いま住んでいるマンションの売却を見据えた場合、高く売りたいと考えるのは当然のことです。今回は、『60歳からのマンション学』(講談社)より、資産価値を維持・向上させるためのポイントについて、著者の“マンショントレンド評論家”日下部理絵氏が事例をもとに解説します。
いま自分が住んでいるマンション、高値で売れる?資産価値を左右するポイント【マンショントレンド評論家が解説】
【物件概要と登場人物の紹介】
物件概要……3LDK86.42m2/12階建て7階/築22年45戸/最寄り駅徒歩10分
資金概要……住宅ローン返済中
家族構成……夫58歳、妻56歳の2人暮らし、別居の子供2人(長男28歳、長女26歳)
【あらすじ】
2人の子どもたちも独立し、「夫婦2人で住むには広すぎるから」とマンションの買い替えを検討していた加藤圭司(仮名・58歳)・陽子(仮名・56歳)夫妻。圭司さんは、管理会社からの依頼で渋々マンション管理組合の「副理事長」に。理事会では「管理費等長期滞納者」や「2度目の大規模修繕工事」などの問題を乗り越え、無事にマンションを買い替えることができた。
最寄り駅からは徒歩7分以内が必須
加藤さんの旧宅は、最寄り駅から徒歩10分。購入者も駅からは少し遠いと言っていた。歩けない距離ではないものの、たしかに駅近とはいいがたい。では最寄り駅から徒歩何分ぐらいが平均なのだろうか。じつは最寄り駅からの距離は、立地の良し悪しを表すバロメーターのひとつとされ、「駅からの距離=徒歩分数」は、周辺環境にかかわらず客観的指標として判断される。
具体的な分数については、最寄り駅から徒歩7分以内が望ましいとされる。東京カンテイ(不動産データサービス)が公表する「首都圏新築マンションの徒歩時間別供給シェア推移」(2020年)によると、最寄り駅から徒歩3分以内は20.4%、4〜7分は31.9%、つまり、新築マンションの半数以上が徒歩7分以内なのだ。全体平均でも7.4分である。

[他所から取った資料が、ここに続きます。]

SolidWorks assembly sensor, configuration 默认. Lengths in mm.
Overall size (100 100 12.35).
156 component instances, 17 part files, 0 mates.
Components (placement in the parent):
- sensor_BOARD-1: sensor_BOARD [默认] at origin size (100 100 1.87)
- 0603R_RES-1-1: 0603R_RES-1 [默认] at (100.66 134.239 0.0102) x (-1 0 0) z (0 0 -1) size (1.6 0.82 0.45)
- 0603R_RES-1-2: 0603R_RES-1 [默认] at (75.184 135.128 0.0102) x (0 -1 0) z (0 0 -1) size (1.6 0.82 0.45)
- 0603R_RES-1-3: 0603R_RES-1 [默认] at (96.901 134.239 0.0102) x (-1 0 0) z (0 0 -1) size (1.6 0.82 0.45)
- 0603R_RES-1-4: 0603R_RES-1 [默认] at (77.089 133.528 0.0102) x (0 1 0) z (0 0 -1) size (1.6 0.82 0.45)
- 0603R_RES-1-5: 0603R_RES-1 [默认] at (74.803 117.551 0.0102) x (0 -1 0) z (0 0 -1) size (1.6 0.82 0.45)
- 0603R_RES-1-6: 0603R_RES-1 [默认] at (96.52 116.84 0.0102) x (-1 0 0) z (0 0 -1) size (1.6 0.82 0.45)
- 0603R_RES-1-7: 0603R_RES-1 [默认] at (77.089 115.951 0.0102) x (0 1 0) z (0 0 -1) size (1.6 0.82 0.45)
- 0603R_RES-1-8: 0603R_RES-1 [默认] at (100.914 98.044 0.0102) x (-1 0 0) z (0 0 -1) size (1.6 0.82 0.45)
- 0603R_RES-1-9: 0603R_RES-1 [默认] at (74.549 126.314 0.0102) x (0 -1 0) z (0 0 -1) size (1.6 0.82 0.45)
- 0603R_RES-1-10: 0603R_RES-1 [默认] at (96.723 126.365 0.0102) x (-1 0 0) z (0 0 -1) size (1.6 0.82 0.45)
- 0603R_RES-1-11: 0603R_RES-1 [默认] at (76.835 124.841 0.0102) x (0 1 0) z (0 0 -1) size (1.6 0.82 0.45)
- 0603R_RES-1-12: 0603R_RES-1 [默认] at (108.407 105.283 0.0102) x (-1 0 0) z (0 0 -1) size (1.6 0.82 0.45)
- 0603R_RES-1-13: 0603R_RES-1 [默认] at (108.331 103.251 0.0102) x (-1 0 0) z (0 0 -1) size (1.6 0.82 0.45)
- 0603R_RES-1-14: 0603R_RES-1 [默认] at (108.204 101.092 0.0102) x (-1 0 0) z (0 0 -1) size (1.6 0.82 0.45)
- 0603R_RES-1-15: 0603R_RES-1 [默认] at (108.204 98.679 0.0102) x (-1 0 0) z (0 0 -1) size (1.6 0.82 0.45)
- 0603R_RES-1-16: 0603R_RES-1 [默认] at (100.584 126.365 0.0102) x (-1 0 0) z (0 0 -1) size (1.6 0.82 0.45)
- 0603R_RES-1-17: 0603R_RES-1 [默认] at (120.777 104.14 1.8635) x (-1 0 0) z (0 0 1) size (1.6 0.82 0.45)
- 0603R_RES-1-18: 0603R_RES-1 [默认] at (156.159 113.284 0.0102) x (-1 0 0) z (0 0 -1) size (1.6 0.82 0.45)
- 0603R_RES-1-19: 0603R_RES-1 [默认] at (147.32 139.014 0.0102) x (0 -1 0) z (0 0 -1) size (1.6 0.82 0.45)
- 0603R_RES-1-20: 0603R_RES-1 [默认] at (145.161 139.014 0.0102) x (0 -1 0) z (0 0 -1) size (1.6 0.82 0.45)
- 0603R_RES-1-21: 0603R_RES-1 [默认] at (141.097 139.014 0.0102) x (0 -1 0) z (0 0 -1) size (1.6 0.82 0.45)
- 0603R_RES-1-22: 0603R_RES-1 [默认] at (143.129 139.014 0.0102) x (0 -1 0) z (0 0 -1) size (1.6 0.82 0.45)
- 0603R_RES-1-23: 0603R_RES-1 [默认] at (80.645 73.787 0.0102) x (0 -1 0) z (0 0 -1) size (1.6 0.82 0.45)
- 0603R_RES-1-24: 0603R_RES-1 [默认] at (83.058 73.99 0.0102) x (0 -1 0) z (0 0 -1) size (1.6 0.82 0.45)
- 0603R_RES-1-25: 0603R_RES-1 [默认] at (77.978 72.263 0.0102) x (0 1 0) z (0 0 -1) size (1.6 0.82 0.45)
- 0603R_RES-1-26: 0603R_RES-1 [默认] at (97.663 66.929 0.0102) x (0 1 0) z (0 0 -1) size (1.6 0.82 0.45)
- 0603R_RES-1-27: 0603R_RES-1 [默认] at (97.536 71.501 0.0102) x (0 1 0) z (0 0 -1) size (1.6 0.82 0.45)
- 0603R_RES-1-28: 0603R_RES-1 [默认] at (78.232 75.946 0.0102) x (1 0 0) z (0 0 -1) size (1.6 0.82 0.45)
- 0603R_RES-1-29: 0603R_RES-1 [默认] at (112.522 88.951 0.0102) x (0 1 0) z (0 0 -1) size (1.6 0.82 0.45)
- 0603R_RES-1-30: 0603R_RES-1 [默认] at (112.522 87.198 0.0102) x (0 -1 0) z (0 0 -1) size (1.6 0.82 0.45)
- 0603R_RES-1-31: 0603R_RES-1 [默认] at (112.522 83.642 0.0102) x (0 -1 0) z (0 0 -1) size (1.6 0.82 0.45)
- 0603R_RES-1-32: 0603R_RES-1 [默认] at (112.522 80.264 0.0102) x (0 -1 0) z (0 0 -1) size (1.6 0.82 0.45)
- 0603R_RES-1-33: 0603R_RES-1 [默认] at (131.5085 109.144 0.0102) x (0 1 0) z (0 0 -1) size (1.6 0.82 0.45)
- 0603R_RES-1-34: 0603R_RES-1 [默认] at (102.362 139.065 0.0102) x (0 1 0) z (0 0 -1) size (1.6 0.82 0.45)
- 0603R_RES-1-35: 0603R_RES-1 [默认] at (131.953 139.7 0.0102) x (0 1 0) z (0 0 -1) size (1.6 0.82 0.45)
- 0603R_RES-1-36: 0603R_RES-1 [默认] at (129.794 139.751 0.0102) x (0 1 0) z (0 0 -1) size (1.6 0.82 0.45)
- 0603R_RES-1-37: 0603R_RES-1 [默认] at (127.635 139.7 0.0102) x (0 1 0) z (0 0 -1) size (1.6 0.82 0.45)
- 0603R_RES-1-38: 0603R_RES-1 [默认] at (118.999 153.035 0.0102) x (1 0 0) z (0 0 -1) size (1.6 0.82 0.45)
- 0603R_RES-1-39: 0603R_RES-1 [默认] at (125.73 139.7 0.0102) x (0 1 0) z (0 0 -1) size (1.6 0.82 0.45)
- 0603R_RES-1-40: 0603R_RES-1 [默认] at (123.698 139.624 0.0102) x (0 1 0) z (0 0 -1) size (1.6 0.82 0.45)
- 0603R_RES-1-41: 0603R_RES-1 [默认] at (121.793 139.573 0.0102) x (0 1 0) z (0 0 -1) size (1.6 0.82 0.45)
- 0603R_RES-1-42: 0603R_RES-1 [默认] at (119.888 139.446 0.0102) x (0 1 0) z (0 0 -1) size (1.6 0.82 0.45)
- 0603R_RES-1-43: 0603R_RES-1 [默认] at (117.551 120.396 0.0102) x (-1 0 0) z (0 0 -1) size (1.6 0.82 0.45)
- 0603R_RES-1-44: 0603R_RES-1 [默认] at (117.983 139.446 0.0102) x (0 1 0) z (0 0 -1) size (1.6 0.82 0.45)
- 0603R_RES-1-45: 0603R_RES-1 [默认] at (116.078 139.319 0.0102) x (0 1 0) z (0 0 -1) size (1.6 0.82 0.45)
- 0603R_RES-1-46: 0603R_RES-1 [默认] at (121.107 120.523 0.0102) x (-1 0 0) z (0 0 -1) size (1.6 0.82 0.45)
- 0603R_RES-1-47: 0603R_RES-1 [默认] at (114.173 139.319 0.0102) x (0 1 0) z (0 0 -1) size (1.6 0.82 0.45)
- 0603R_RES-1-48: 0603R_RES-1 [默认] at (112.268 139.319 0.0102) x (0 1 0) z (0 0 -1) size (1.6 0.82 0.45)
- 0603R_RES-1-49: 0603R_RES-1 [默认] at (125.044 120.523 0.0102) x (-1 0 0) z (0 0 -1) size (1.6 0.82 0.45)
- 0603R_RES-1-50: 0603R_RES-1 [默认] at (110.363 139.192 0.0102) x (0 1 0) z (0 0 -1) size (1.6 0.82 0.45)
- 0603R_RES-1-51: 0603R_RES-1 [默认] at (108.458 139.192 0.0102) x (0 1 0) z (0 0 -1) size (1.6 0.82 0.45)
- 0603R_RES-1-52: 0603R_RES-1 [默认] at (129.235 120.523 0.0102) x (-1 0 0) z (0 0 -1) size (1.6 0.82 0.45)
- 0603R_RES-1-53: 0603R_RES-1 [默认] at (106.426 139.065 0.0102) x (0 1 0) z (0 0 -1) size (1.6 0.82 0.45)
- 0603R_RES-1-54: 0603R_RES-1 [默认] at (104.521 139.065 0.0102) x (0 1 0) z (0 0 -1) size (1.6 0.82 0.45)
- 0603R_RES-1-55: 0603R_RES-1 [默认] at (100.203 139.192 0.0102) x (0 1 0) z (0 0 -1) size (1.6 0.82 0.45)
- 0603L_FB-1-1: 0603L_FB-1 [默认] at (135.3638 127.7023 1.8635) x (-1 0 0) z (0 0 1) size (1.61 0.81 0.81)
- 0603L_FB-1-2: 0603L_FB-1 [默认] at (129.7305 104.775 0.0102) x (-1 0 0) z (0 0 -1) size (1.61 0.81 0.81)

ただし、たとえば東京の吉祥寺や北千住など、駅周辺に商店街があり住宅地まで距離があるようなエリアは、徒歩分数以上の価値があると判断される。このようなエリアを除いては、駅から徒歩7分を超えると、今後の需給バランスを考えると厳しくなりそうである。
また一般的に、駅近物件は価格が高く、駅から遠くなるにつれて価格が下がっていくが、駅から遠い物件ほど、下落率も大きくなるといわれる。安価だからと駅から遠い物件を安易に購入すると、買い替えや住み替え、相続などで売却したいと思った時に、思うような価格で売れず大変な思いをする可能性がある。
徒歩5分以内に買い替えできた加藤さんご夫婦はとても運がいいし賢明な選択である。7分以内は必須。将来も見据えるなら徒歩5分以内と覚えておきたい。